河南巡抚对“和平”的特殊爱好,让赵安觉得有机可乘,因此给予对方高度评价:“倭大人心怀百姓,欲以文斗代武斗,此仁者之心。”
继而便是竭力撺掇倭什布坚持自己内心想法,勇敢大胆的为了“和平”去跟白莲教私下接触,世上事说不定,万一成了呢?
被鼓励的倭大人心里那个念头像是被浇了油的炭火,腾地一下就烧了起来。
这位河南巡抚有个毛病,就是认准了的事总想试试。
当年在广西处理土司纠纷,同僚都劝他莫要插手,因为两边土司打了三年死了那么多人,岂是他一个知府能摆平的?可他偏不信邪,硬是把两边头人请到了一张桌上喝了三天酒,最后还真把事情了了。

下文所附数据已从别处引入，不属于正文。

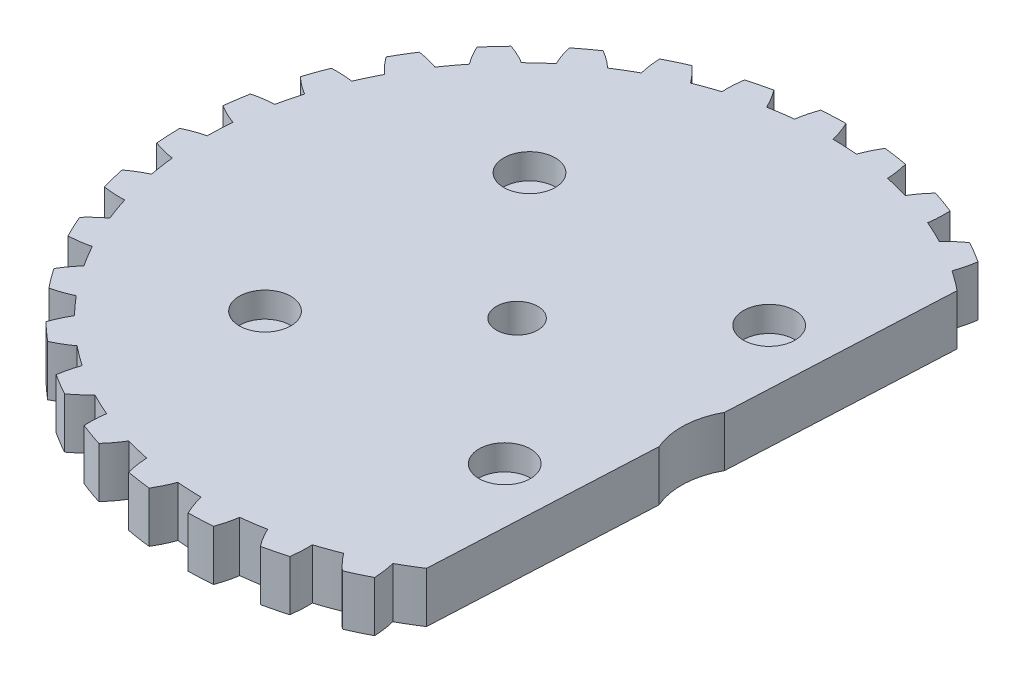
SolidWorks part; units mm, degrees
ref_plane "正面" through (0, 0, 0) normal (0, 0, 1) x (1, 0, 0)
ref_plane "平面" through (0, 0, 0) normal (0, 1, 0) x (1, 0, 0)
ref_plane "右側面" through (0, 0, 0) normal (1, 0, 0) x (0, 0, -1)
sketch "ｽｹｯﾁ1" plane through (0, 0, 0) normal (0, 1, 0) x (1, 0, 0)
  line L0 (0, 0) -> (0, 104.1615) construction
  line L1 (-93.5954, 64) -> (78.777, 64) construction
  line L2 (-63.9379, 40.7285) -> (71.1281, 89.8885) construction
  circle A0 centre (0, 0) radius 64 construction
  circle A1 centre (0, 0) radius 60.1403 construction
  point P7 (0, 64)
  dimension "D1" = 128
  dimension "D2" = 20
sketch "ｽｹｯﾁ2" plane through (0, 0, 0) normal (0, 1, 0) x (1, 0, 0)
  line L0 (-20.5692, 56.5134) -> (0, 64) construction
  line L1 (-14.8381, 58.2811) -> (0.56, 62.2014) construction
  line L2 (-15.8051, 58.0264) -> (0.4905, 62.4649) construction
  line L3 (-16.7677, 57.7555) -> (0.4122, 62.7433) construction
  line L4 (-17.7257, 57.4688) -> (0.3245, 63.0362) construction
  line L5 (-18.6788, 57.1661) -> (0.2269, 63.3434) construction
  line L6 (-19.6267, 56.8476) -> (0.1189, 63.6648) construction
  line L7 (-21.506, 56.1636) -> (-0.1303, 64.3487) construction
  line L8 (-22.4369, 55.7983) -> (-0.2724, 64.7108) construction
  line L9 (-23.3615, 55.4175) -> (-0.4268, 65.0857) construction
  line L10 (-24.2797, 55.0214) -> (-0.594, 65.4734) construction
  line L11 (-25.1912, 54.6101) -> (-0.7745, 65.8733) construction
  line L12 (-26.0957, 54.1837) -> (-0.9688, 66.2852) construction
  line L14 (0, 0) -> (-5.2283, 106.4246) construction
  line L15 (0, 0) -> (0, 104.1615) construction
  circle A0 centre (0, 0) radius 60.1403 construction
  arc A1 (-20.5692, 56.5134) -> (-19.6267, 56.8476) centre (0, 0) cw
  arc A2 (-19.6267, 56.8476) -> (-18.6788, 57.1661) centre (0, 0) cw
  arc A3 (-18.6788, 57.1661) -> (-17.7257, 57.4688) centre (0, 0) cw
  arc A4 (-17.7257, 57.4688) -> (-16.7677, 57.7555) centre (0, 0) cw
  arc A5 (-16.7677, 57.7555) -> (-15.8051, 58.0264) centre (0, 0) cw
  arc A6 (-15.8051, 58.0264) -> (-14.8381, 58.2811) centre (0, 0) cw
  arc A7 (-20.5692, 56.5134) -> (-21.506, 56.1636) centre (0, 0) ccw
  arc A8 (-21.506, 56.1636) -> (-22.4369, 55.7983) centre (0, 0) ccw
  arc A9 (-22.4369, 55.7983) -> (-23.3615, 55.4175) centre (0, 0) ccw
  arc A10 (-23.3615, 55.4175) -> (-24.2797, 55.0214) centre (0, 0) ccw
  arc A11 (-24.2797, 55.0214) -> (-25.1912, 54.6101) centre (0, 0) ccw
  arc A12 (-25.1912, 54.6101) -> (-26.0957, 54.1837) centre (0, 0) ccw
  arc A13 (-20.5692, 56.5134) -> (0.8963, 60.1336) centre (0, 0) cw
  circle A14 centre (0, 0) radius 66 construction
  circle A16 centre (0, 0) radius 64 construction
  spline S0 degree 3 poles (-0.9688, 66.2852) (-0.8394, 66.0167) (-0.6553, 65.6183) (-0.4279, 65.0913) (-0.2734, 64.7163) (-0.1313, 64.3543) (-0.0009, 64.0056) (0.118, 63.6704) (0.226, 63.349) (0.3237, 63.0417) (0.4114, 62.7488) (0.6791, 61.7983) (0.8527, 60.9277) (0.8963, 60.1336) knots 0 0 0 0 0.138368 0.203693 0.266445 0.326623 0.384229 0.439262 0.491722 0.541609 0.588924 0.633665 1 1 1 1
  spline S1 degree 3 poles (-5.533, 66.061) (-5.6354, 65.7811) (-5.7795, 65.3666) (-5.9542, 64.8198) (-6.0712, 64.4315) (-6.1772, 64.0573) (-6.2727, 63.6974) (-6.3582, 63.3522) (-6.4342, 63.0218) (-6.5013, 62.7064) (-6.5599, 62.4063) (-6.7331, 61.4341) (-6.8206, 60.5507) (-6.7861, 59.7562) knots 0 0 0 0 0.138368 0.203693 0.266445 0.326623 0.384229 0.439262 0.491722 0.541609 0.588924 0.633665 1 1 1 1
  dimension "D1" = 21.8893
  dimension "D3" = 19.8893
  dimension "D4" = 20.8893
  dimension "D5" = 18.8893
  dimension "D6" = 17.8893
  dimension "D7" = 16.8893
  dimension "D8" = 15.8893
  dimension "D9" = 22.8893
  dimension "D10" = 23.8893
  dimension "D11" = 24.8893
  dimension "D12" = 25.8893
  dimension "D13" = 26.8893
  dimension "D14" = 27.8893
  dimension "D15" = 2.813
  dimension "D16" = 2
  dimension "D2" = 1
sketch "ｽｹｯﾁ3" plane through (0, 0, 0) normal (0, 1, 0) x (1, 0, 0)
  arc A1 (0.6104, 61.997) -> (-6.6843, 61.6386) centre (0, 0) ccw
  arc A3 (-0.8309, 65.9948) -> (-5.6417, 65.7584) centre (0, 0) ccw
  spline S2 degree 3 poles (-5.533, 66.061) (-5.6354, 65.7811) (-5.7795, 65.3666) (-5.9542, 64.8198) (-6.0712, 64.4315) (-6.1772, 64.0573) (-6.2727, 63.6974) (-6.3582, 63.3522) (-6.4342, 63.0218) (-6.5013, 62.7064) (-6.5599, 62.4063) (-6.7331, 61.4341) (-6.8206, 60.5507) (-6.7861, 59.7562) knots 0 0 0 0 0.138368 0.203693 0.266445 0.326623 0.384229 0.439262 0.491722 0.541609 0.588924 0.633665 1 1 1 1 construction
  spline S3 degree 3 poles (-0.9688, 66.2852) (-0.8394, 66.0167) (-0.6553, 65.6183) (-0.4279, 65.0913) (-0.2734, 64.7163) (-0.1313, 64.3543) (-0.0009, 64.0056) (0.118, 63.6704) (0.226, 63.349) (0.3237, 63.0417) (0.4114, 62.7488) (0.6791, 61.7983) (0.8527, 60.9277) (0.8963, 60.1336) knots 0 0 0 0 0.138368 0.203693 0.266445 0.326623 0.384229 0.439262 0.491722 0.541609 0.588924 0.633665 1 1 1 1 construction
  spline S4 degree 3 poles (-5.6417, 65.7584) (-5.7052, 65.5784) (-5.8121, 65.2645) (-5.9542, 64.8198) (-6.0712, 64.4315) (-6.1772, 64.0573) (-6.2727, 63.6974) (-6.3582, 63.3522) (-6.4342, 63.0218) (-6.5013, 62.7064) (-6.5599, 62.4063) (-6.6229, 62.0526) (-6.6623, 61.7982) (-6.6843, 61.6386) knots 0 0 0 0 0.134544 0.233721 0.328992 0.420358 0.507816 0.591369 0.671015 0.746755 0.818588 0.886516 1 1 1 1
  spline S5 degree 3 poles (-0.8309, 65.9948) (-0.7501, 65.8218) (-0.6129, 65.5199) (-0.4279, 65.0913) (-0.2734, 64.7163) (-0.1313, 64.3543) (-0.0009, 64.0056) (0.118, 63.6704) (0.226, 63.349) (0.3237, 63.0417) (0.4114, 62.7488) (0.5088, 62.4029) (0.573, 62.1536) (0.6104, 61.997) knots 0 0 0 0 0.134544 0.233721 0.328992 0.420358 0.507816 0.591369 0.671015 0.746755 0.818588 0.886516 1 1 1 1
  point P3 (-5.6417, 65.7584)
  point P4 (-0.8309, 65.9948)
  point P5 (0.6104, 61.997)
  point P6 (-6.6843, 61.6386)
  dimension "D1" = 124
  dimension "D2" = 4
sketch "ｽｹｯﾁ5" plane through (0, 0, 0) normal (0, 1, 0) x (1, 0, 0)
  circle A0 centre (0, 0) radius 62
  dimension "D1" = 124
extrude "ﾎﾞｽ - 押し出し5" add sketch "ｽｹｯﾁ5" along normal blind 10
extrude "ﾎﾞｽ - 押し出し6" add sketch "ｽｹｯﾁ3" along normal blind 10
pattern_circular "円形ﾊﾟﾀｰﾝ3" count 32 over 360 about axis through (0, 10, 0) along (0, 1, 0) of "ﾎﾞｽ - 押し出し6"
sketch "ｽｹｯﾁ6" plane through (0, 10, 0) normal (0, 1, 0) x (1, 0, 0)
  line L0 (3.0422, 61.9253) -> (-2450.3415, -49877.8475) construction
  line L1 (-1.6979, 0.0834) -> (-49935.7979, 2453.1884) construction
  circle A0 centre (-23.7432, 26.1966) radius 5.1
  arc A4 (5.4693, 61.7583) -> (0.6104, 61.997) centre (0, 0) ccw construction
  arc A5 (-5.4693, -61.7583) -> (-0.6104, -61.997) centre (0, 0) ccw construction
  arc A6 (-61.7583, 5.4693) -> (-61.997, 0.6104) centre (0, 0) ccw construction
  circle A7 centre (26.1966, 23.7432) radius 5.1
  circle A8 centre (23.7432, -26.1966) radius 5.1
  circle A9 centre (-26.1966, -23.7432) radius 5.1
  point P14 (-61.9253, 3.0422)
  point P24 (3.0422, 61.9253)
  point P28 (-3.0422, -61.9253)
  dimension "D5" = 10.2
  dimension "D1" = 25
  dimension "D2" = 25
extrude "ｶｯﾄ - 押し出し1" cut sketch "ｽｹｯﾁ6" against normal blind 5
sketch "ｽｹｯﾁ7" plane through (0, 10, 0) normal (0, 1, 0) x (1, 0, 0)
  line L12 (-61.9253, 3.0422) -> (49877.8475, -2450.3415) construction
  line L13 (39.0975, 53.1732) -> (36.701, 4.3914)
  line L14 (33.6973, -56.7494) -> (63.2204, -58.1998)
  line L16 (39.0975, 53.1732) -> (68.6206, 51.7228)
  line L18 (36.0938, -7.9676) -> (33.6973, -56.7494)
  line L19 (68.6206, 51.7228) -> (63.2204, -58.1998)
  arc A1 (-61.7583, 5.4693) -> (-61.997, 0.6104) centre (0, 0) ccw construction
  arc A2 (61.7583, -5.4693) -> (61.997, -0.6104) centre (0, 0) ccw construction
  circle A3 centre (0, 0) radius 66 construction
  arc A4 (36.701, 4.3914) -> (36.0938, -7.9676) centre (48.941, -2.4043) ccw
  circle A5 centre (0, 0) radius 4.1
  point P4 (74.1945, 52.7214)
  point P10 (-61.9253, 3.0422)
  point P16 (61.9253, -3.0422)
  dimension "D1" = 49
  dimension "D2" = 14
  dimension "D3" = 132
  dimension "D4" = 8.2
extrude "ｶｯﾄ - 押し出し2" cut sketch "ｽｹｯﾁ7" against normal through all
equation "\"D3@ｽｹｯﾁ2\"=\"D4@ｽｹｯﾁ2\"-\"D2@ｽｹｯﾁ2\""
equation "\"D4@ｽｹｯﾁ2\"=\"D1@ｽｹｯﾁ2\"-\"D2@ｽｹｯﾁ2\""
equation "\"D5@ｽｹｯﾁ2\"=\"D3@ｽｹｯﾁ2\"-\"D2@ｽｹｯﾁ2\""
equation "\"D6@ｽｹｯﾁ2\"=\"D5@ｽｹｯﾁ2\"-\"D2@ｽｹｯﾁ2\""
equation "\"D7@ｽｹｯﾁ2\"=\"D6@ｽｹｯﾁ2\"-\"D2@ｽｹｯﾁ2\""
equation "\"D8@ｽｹｯﾁ2\"=\"D7@ｽｹｯﾁ2\"-\"D2@ｽｹｯﾁ2\""
equation "\"D9@ｽｹｯﾁ2\"=\"D1@ｽｹｯﾁ2\"+\"D2@ｽｹｯﾁ2\""
equation "\"D10@ｽｹｯﾁ2\"=\"D9@ｽｹｯﾁ2\"+\"D2@ｽｹｯﾁ2\""
equation "\"D11@ｽｹｯﾁ2\"=\"D10@ｽｹｯﾁ2\"+\"D2@ｽｹｯﾁ2\""
equation "\"D12@ｽｹｯﾁ2\"=\"D11@ｽｹｯﾁ2\"+\"D2@ｽｹｯﾁ2\""
equation "\"D13@ｽｹｯﾁ2\"=\"D12@ｽｹｯﾁ2\"+\"D2@ｽｹｯﾁ2\""
equation "\"D14@ｽｹｯﾁ2\"=\"D13@ｽｹｯﾁ2\"+\"D2@ｽｹｯﾁ2\""
equation "\"D15@ｽｹｯﾁ2\"=90/32"

如今这白莲教的事巡抚大人心里琢磨也不是一天两天了,难得平苗大帅这般鼓励支持他,竟是真生下横心要与白莲教的人谈谈了。
待对“和平”有特殊追求的巡抚大人离开后,赵安立即让包大为把沈逸之叫来,另外让轿中的“秘书”将河南白莲教的相关活动档案调出。
早在安徽平定白莲教乱后,赵安就着手对白莲教进行系统全面调查,为此在巡抚衙门的经历司特设了一个“白办”。
这个“白办”搁后世的话,应该属于专门研究宗教的机构。
白莲教体系过于复杂,山头林立,现在湖北与四川起事的白莲教属三阳教和收元教两支,于襄阳一带活动的王聪儿与其被杀的前夫齐林就是三阳教主刘之协的弟子,洪宝曾透露王聪儿很有可能被齐林献给教主刘之协玩弄过。
这也是白莲教的恶习,教徒妻妾女儿稍有姿色者,都会沦为教中高层的玩物。
白莲教起义也从来不以反清复明,驱逐鞑虏为号召,底层教众是为了活下去而反抗,高层却只是将造反当成谋取利益,实现个人野心的方式。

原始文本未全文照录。